The result is a film that speaks to universal human preoccupations in a mode that feels almost quaint by 2020s standards. We might describe this as a form of innocence, though one earned through deliberate artistic choice rather than ignorance. The Fountain was made in a moment when a major studio picture could ask profound questions about meaning and mortality without feeling obligated to interrogate these questions through the lens of contemporary social consciousness. Whether this represents a loss or a preservation of artistic integrity depends entirely on one's perspective.

Analysis generated by our Consciousness Algorithm

Critic Reviews

51%from 36 reviews
Premiere100

As it happens, each one of these tales is also a love story, and The Fountain is Aronofsky’s profession of faith concerning love’s place in the idea of eternity. It’s a movie that’s as deeply felt as it is imagined.

Glenn KennyRead Full Review →
Portland Oregonian100

It's an ambitious, passionate, grief-stricken work of film art.

M. E. RussellRead Full Review →
The A.V. Club83

Viewers not attuned to his (Aronofsky's) heartfelt, bombastic Richard Wagner-by-way-of-"2001: A Space Odyssey" lyricism might be better off looking elsewhere. But they'll never see anything else quite like it.

Keith PhippsRead Full Review →
Austin Chronicle20

Aronofsky's reach far exceeds his grasp with this film, and the muddle he concocts makes one wonder if there was ever a solid foundation for The Fountain. Hope may spring eternal, but this fountain is a dry hole.

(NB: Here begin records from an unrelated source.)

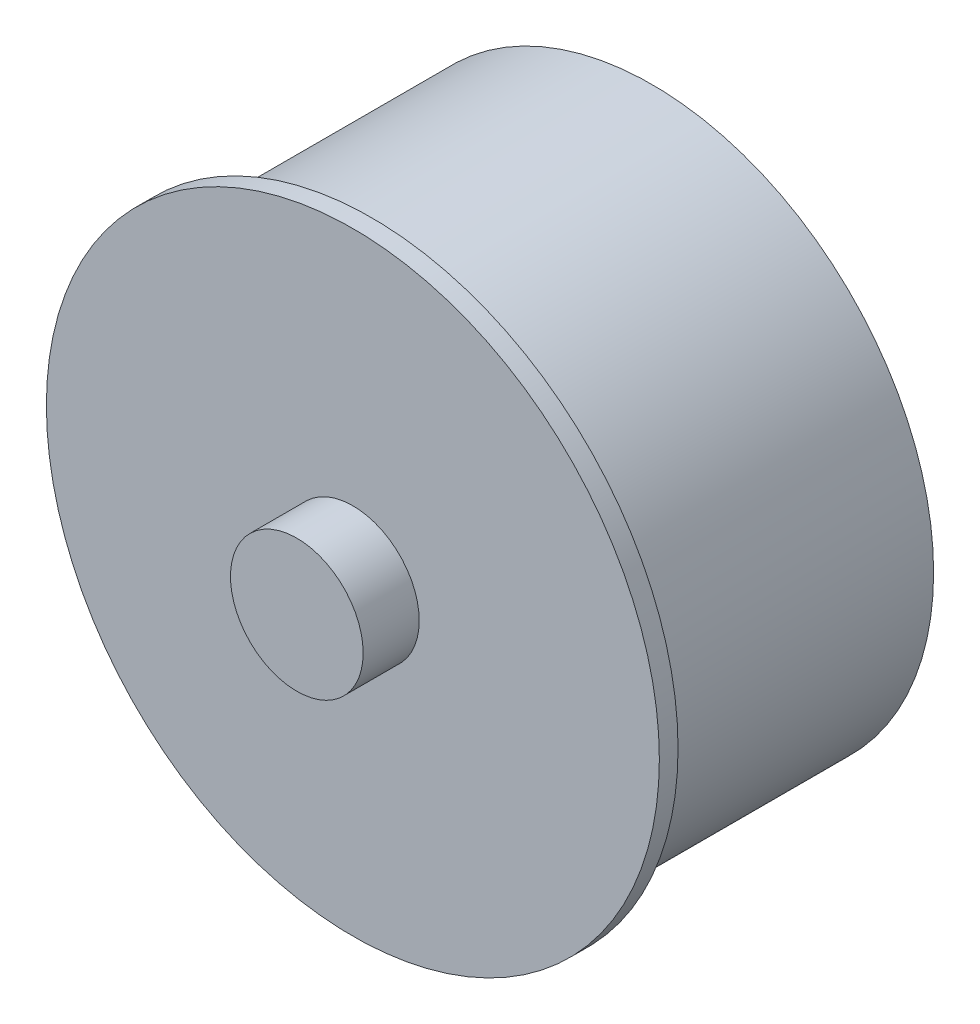
ISO-10303-21;
HEADER;
FILE_DESCRIPTION(('STEP AP214'),'2;1');
FILE_NAME('part.step','',(''),(''),'','','');
FILE_SCHEMA(('AUTOMOTIVE_DESIGN { 1 0 10303 214 1 1 1 1 }'));
ENDSEC;
DATA;
#1=APPLICATION_CONTEXT('core data for automotive mechanical design processes');
#2=APPLICATION_PROTOCOL_DEFINITION('international standard','automotive_design',2000,#1);
#3=PRODUCT_CONTEXT('',#1,'mechanical');
#4=PRODUCT('Part','Part','',(#3));
#5=PRODUCT_RELATED_PRODUCT_CATEGORY('part','',(#4));
#6=PRODUCT_DEFINITION_FORMATION('','',#4);
#7=PRODUCT_DEFINITION_CONTEXT('part definition',#1,'design');
#8=PRODUCT_DEFINITION('design','',#6,#7);
#9=PRODUCT_DEFINITION_SHAPE('','',#8);
#10=(LENGTH_UNIT() NAMED_UNIT(*) SI_UNIT(.MILLI.,.METRE.));
#11=(NAMED_UNIT(*) PLANE_ANGLE_UNIT() SI_UNIT($,.RADIAN.));
#12=(NAMED_UNIT(*) SI_UNIT($,.STERADIAN.) SOLID_ANGLE_UNIT());
#13=UNCERTAINTY_MEASURE_WITH_UNIT(LENGTH_MEASURE(1.E-05),#10,'distance_accuracy_value','');
#14=(GEOMETRIC_REPRESENTATION_CONTEXT(3) GLOBAL_UNCERTAINTY_ASSIGNED_CONTEXT((#13)) GLOBAL_UNIT_ASSIGNED_CONTEXT((#10,
#11,#12)) REPRESENTATION_CONTEXT('',''));
#15=CARTESIAN_POINT('',(0.,0.,0.));
#16=DIRECTION('',(0.,0.,1.));
#17=DIRECTION('',(1.,0.,0.));
#18=AXIS2_PLACEMENT_3D('',#15,#16,#17);
#19=CARTESIAN_POINT('',(0.,0.,-2.));
#20=DIRECTION('',(0.,0.,1.));
#21=DIRECTION('',(1.,0.,0.));
#22=AXIS2_PLACEMENT_3D('',#19,#20,#21);
#23=CYLINDRICAL_SURFACE('',#22,10.075);
#24=CARTESIAN_POINT('',(0.,0.,0.));
#25=DIRECTION('',(0.,0.,-1.));
#26=DIRECTION('',(-1.,0.,0.));
#27=AXIS2_PLACEMENT_3D('',#24,#25,#26);
#28=CIRCLE('',#27,10.075);
#29=CARTESIAN_POINT('',(-10.075,0.,0.));
#30=VERTEX_POINT('',#29);
#31=EDGE_CURVE('E11',#30,#30,#28,.T.);
#32=ORIENTED_EDGE('',*,*,#31,.T.);
#33=EDGE_LOOP('',(#32));
#34=FACE_BOUND('',#33,.T.);
#35=CARTESIAN_POINT('',(0.,0.,-1.));
#36=DIRECTION('',(0.,0.,-1.));
#37=DIRECTION('',(-1.,0.,0.));
#38=AXIS2_PLACEMENT_3D('',#35,#36,#37);
#39=CIRCLE('',#38,10.075);
#40=CARTESIAN_POINT('',(-10.075,0.,-1.));
#41=VERTEX_POINT('',#40);
#42=EDGE_CURVE('E87',#41,#41,#39,.T.);
#43=ORIENTED_EDGE('',*,*,#42,.F.);
#44=EDGE_LOOP('',(#43));
#45=FACE_BOUND('',#44,.T.);
#46=ADVANCED_FACE('F44',(#34,#45),#23,.T.);
#47=CARTESIAN_POINT('',(8.,0.,8.));
#48=DIRECTION('',(0.,0.,-1.));
#49=DIRECTION('',(-1.,0.,0.));
#50=AXIS2_PLACEMENT_3D('',#47,#48,#49);
#51=CYLINDRICAL_SURFACE('',#50,1.05);
#52=CARTESIAN_POINT('',(8.,0.,0.));
#53=DIRECTION('',(0.,0.,-1.));
#54=DIRECTION('',(-1.,0.,0.));
#55=AXIS2_PLACEMENT_3D('',#52,#53,#54);
#56=CIRCLE('',#55,1.05);
#57=CARTESIAN_POINT('',(6.95,0.,0.));
#58=VERTEX_POINT('',#57);
#59=EDGE_CURVE('E61',#58,#58,#56,.T.);
#60=ORIENTED_EDGE('',*,*,#59,.F.);
#61=EDGE_LOOP('',(#60));
#62=FACE_BOUND('',#61,.T.);
#63=CARTESIAN_POINT('',(8.,0.,-1.));
#64=DIRECTION('',(0.,0.,-1.));
#65=DIRECTION('',(-1.,0.,0.));
#66=AXIS2_PLACEMENT_3D('',#63,#64,#65);
#67=CIRCLE('',#66,1.05);
#68=CARTESIAN_POINT('',(6.95,0.,-1.));
#69=VERTEX_POINT('',#68);
#70=EDGE_CURVE('E59',#69,#69,#67,.F.);
#71=ORIENTED_EDGE('',*,*,#70,.F.);
#72=EDGE_LOOP('',(#71));
#73=FACE_BOUND('',#72,.T.);
#74=ADVANCED_FACE('F96',(#62,#73),#51,.F.);
#75=CARTESIAN_POINT('',(0.,-8.,8.));
#76=DIRECTION('',(0.,0.,-1.));
#77=DIRECTION('',(-1.,0.,0.));
#78=AXIS2_PLACEMENT_3D('',#75,#76,#77);
#79=CYLINDRICAL_SURFACE('',#78,1.05);
#80=CARTESIAN_POINT('',(0.,-8.,0.));
#81=DIRECTION('',(0.,0.,-1.));
#82=DIRECTION('',(-1.,0.,0.));
#83=AXIS2_PLACEMENT_3D('',#80,#81,#82);
#84=CIRCLE('',#83,1.05);
#85=CARTESIAN_POINT('',(-1.04999999999994,-8.,0.));
#86=VERTEX_POINT('',#85);
#87=EDGE_CURVE('E64',#86,#86,#84,.T.);
#88=ORIENTED_EDGE('',*,*,#87,.F.);
#89=EDGE_LOOP('',(#88));
#90=FACE_BOUND('',#89,.T.);
#91=CARTESIAN_POINT('',(0.,-8.,-1.));
#92=DIRECTION('',(0.,0.,-1.));
#93=DIRECTION('',(-1.,0.,0.));
#94=AXIS2_PLACEMENT_3D('',#91,#92,#93);
#95=CIRCLE('',#94,1.05);
#96=CARTESIAN_POINT('',(-1.04999999999994,-8.,-1.));
#97=VERTEX_POINT('',#96);
#98=EDGE_CURVE('E83',#97,#97,#95,.F.);
#99=ORIENTED_EDGE('',*,*,#98,.F.);
#100=EDGE_LOOP('',(#99));
#101=FACE_BOUND('',#100,.T.);
#102=ADVANCED_FACE('F77',(#90,#101),#79,.F.);
#103=CARTESIAN_POINT('',(-8.,0.,8.));
#104=DIRECTION('',(0.,0.,-1.));
#105=DIRECTION('',(-1.,0.,0.));
#106=AXIS2_PLACEMENT_3D('',#103,#104,#105);
#107=CYLINDRICAL_SURFACE('',#106,1.05);
#108=CARTESIAN_POINT('',(-8.,0.,0.));
#109=DIRECTION('',(0.,0.,-1.));
#110=DIRECTION('',(-1.,0.,0.));
#111=AXIS2_PLACEMENT_3D('',#108,#109,#110);
#112=CIRCLE('',#111,1.05);
#113=CARTESIAN_POINT('',(-9.05,0.,0.));
#114=VERTEX_POINT('',#113);
#115=EDGE_CURVE('E56',#114,#114,#112,.T.);
#116=ORIENTED_EDGE('',*,*,#115,.F.);
#117=EDGE_LOOP('',(#116));
#118=FACE_BOUND('',#117,.T.);
#119=CARTESIAN_POINT('',(-8.,0.,-1.));
#120=DIRECTION('',(0.,0.,-1.));
#121=DIRECTION('',(-1.,0.,0.));
#122=AXIS2_PLACEMENT_3D('',#119,#120,#121);
#123=CIRCLE('',#122,1.05);
#124=CARTESIAN_POINT('',(-9.05,0.,-1.));
#125=VERTEX_POINT('',#124);
#126=EDGE_CURVE('E81',#125,#125,#123,.F.);
#127=ORIENTED_EDGE('',*,*,#126,.F.);
#128=EDGE_LOOP('',(#127));
#129=FACE_BOUND('',#128,.T.);
#130=ADVANCED_FACE('F73',(#118,#129),#107,.F.);
#131=CARTESIAN_POINT('',(0.,8.,8.));
#132=DIRECTION('',(0.,0.,-1.));
#133=DIRECTION('',(-1.,0.,0.));
#134=AXIS2_PLACEMENT_3D('',#131,#132,#133);
#135=CYLINDRICAL_SURFACE('',#134,1.05);
#136=CARTESIAN_POINT('',(0.,8.,0.));
#137=DIRECTION('',(0.,0.,-1.));
#138=DIRECTION('',(-1.,0.,0.));
#139=AXIS2_PLACEMENT_3D('',#136,#137,#138);
#140=CIRCLE('',#139,1.05);
#141=CARTESIAN_POINT('',(-1.05,8.,0.));
#142=VERTEX_POINT('',#141);
#143=EDGE_CURVE('E51',#142,#142,#140,.T.);
#144=ORIENTED_EDGE('',*,*,#143,.F.);
#145=EDGE_LOOP('',(#144));
#146=FACE_BOUND('',#145,.T.);
#147=CARTESIAN_POINT('',(0.,8.,-1.));
#148=DIRECTION('',(0.,0.,-1.));
#149=DIRECTION('',(-1.,0.,0.));
#150=AXIS2_PLACEMENT_3D('',#147,#148,#149);
#151=CIRCLE('',#150,1.05);
#152=CARTESIAN_POINT('',(-1.05,8.,-1.));
#153=VERTEX_POINT('',#152);
#154=EDGE_CURVE('E47',#153,#153,#151,.F.);
#155=ORIENTED_EDGE('',*,*,#154,.F.);
#156=EDGE_LOOP('',(#155));
#157=FACE_BOUND('',#156,.T.);
#158=ADVANCED_FACE('F76',(#146,#157),#135,.F.);
#159=CARTESIAN_POINT('',(0.,0.,0.));
#160=DIRECTION('',(0.,0.,-1.));
#161=DIRECTION('',(-1.,0.,0.));
#162=AXIS2_PLACEMENT_3D('',#159,#160,#161);
#163=PLANE('',#162);
#164=ORIENTED_EDGE('',*,*,#143,.T.);
#165=EDGE_LOOP('',(#164));
#166=FACE_BOUND('',#165,.T.);
#167=ORIENTED_EDGE('',*,*,#115,.T.);
#168=EDGE_LOOP('',(#167));
#169=FACE_BOUND('',#168,.T.);
#170=ORIENTED_EDGE('',*,*,#87,.T.);
#171=EDGE_LOOP('',(#170));
#172=FACE_BOUND('',#171,.T.);
#173=ORIENTED_EDGE('',*,*,#59,.T.);
#174=EDGE_LOOP('',(#173));
#175=FACE_BOUND('',#174,.T.);
#176=ORIENTED_EDGE('',*,*,#31,.F.);
#177=EDGE_LOOP('',(#176));
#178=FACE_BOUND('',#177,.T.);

Marjorie BaumgartenRead Full Review →

Consciousness Markers

🎭
Representation Casting10

The film features Hugh Jackman and Rachel Weisz in lead roles with diverse supporting cast members, but this casting serves the narrative rather than making a statement about diversity or representation.

🏳️‍🌈
LGBTQ+ Themes0

No LGBTQ+ themes, characters, or storylines are present in the film. All romantic relationships depicted are heterosexual.

👑
Feminist Agenda5

Rachel Weisz plays multiple female characters across timelines, but they are primarily defined by their relationships to the male protagonist and his existential quest rather than by independent agency or feminist critique.

Racial Consciousness0

While the film incorporates Mayan mythology and spiritual traditions, it does not engage with contemporary racial consciousness, indigenous representation, or systemic inequities.

🌱
Climate Crusade0

No environmental themes, climate messaging, or ecological consciousness is present in the film.

💰
Eat the Rich0

The modern storyline features a pharmaceutical scientist protagonist, but there is no critique of capitalism, wealth inequality, or corporate exploitation.

💗
Body Positivity0

No messaging about body positivity, body standards, or challenges to conventional beauty norms appears in the film.

🧠
Neurodivergence0

No representation, discussion, or portrayal of neurodivergence or mental health conditions is present.

📖
Revisionist History0

While the film uses historical settings including a Spanish Inquisition-era sequence, it does not revise historical narratives to serve contemporary social agendas.

📢
Lecture Energy5

The film is deeply philosophical and meditative, but conveys its ideas through visual poetry and symbolic narrative rather than preachy dialogue or explicit social lectures.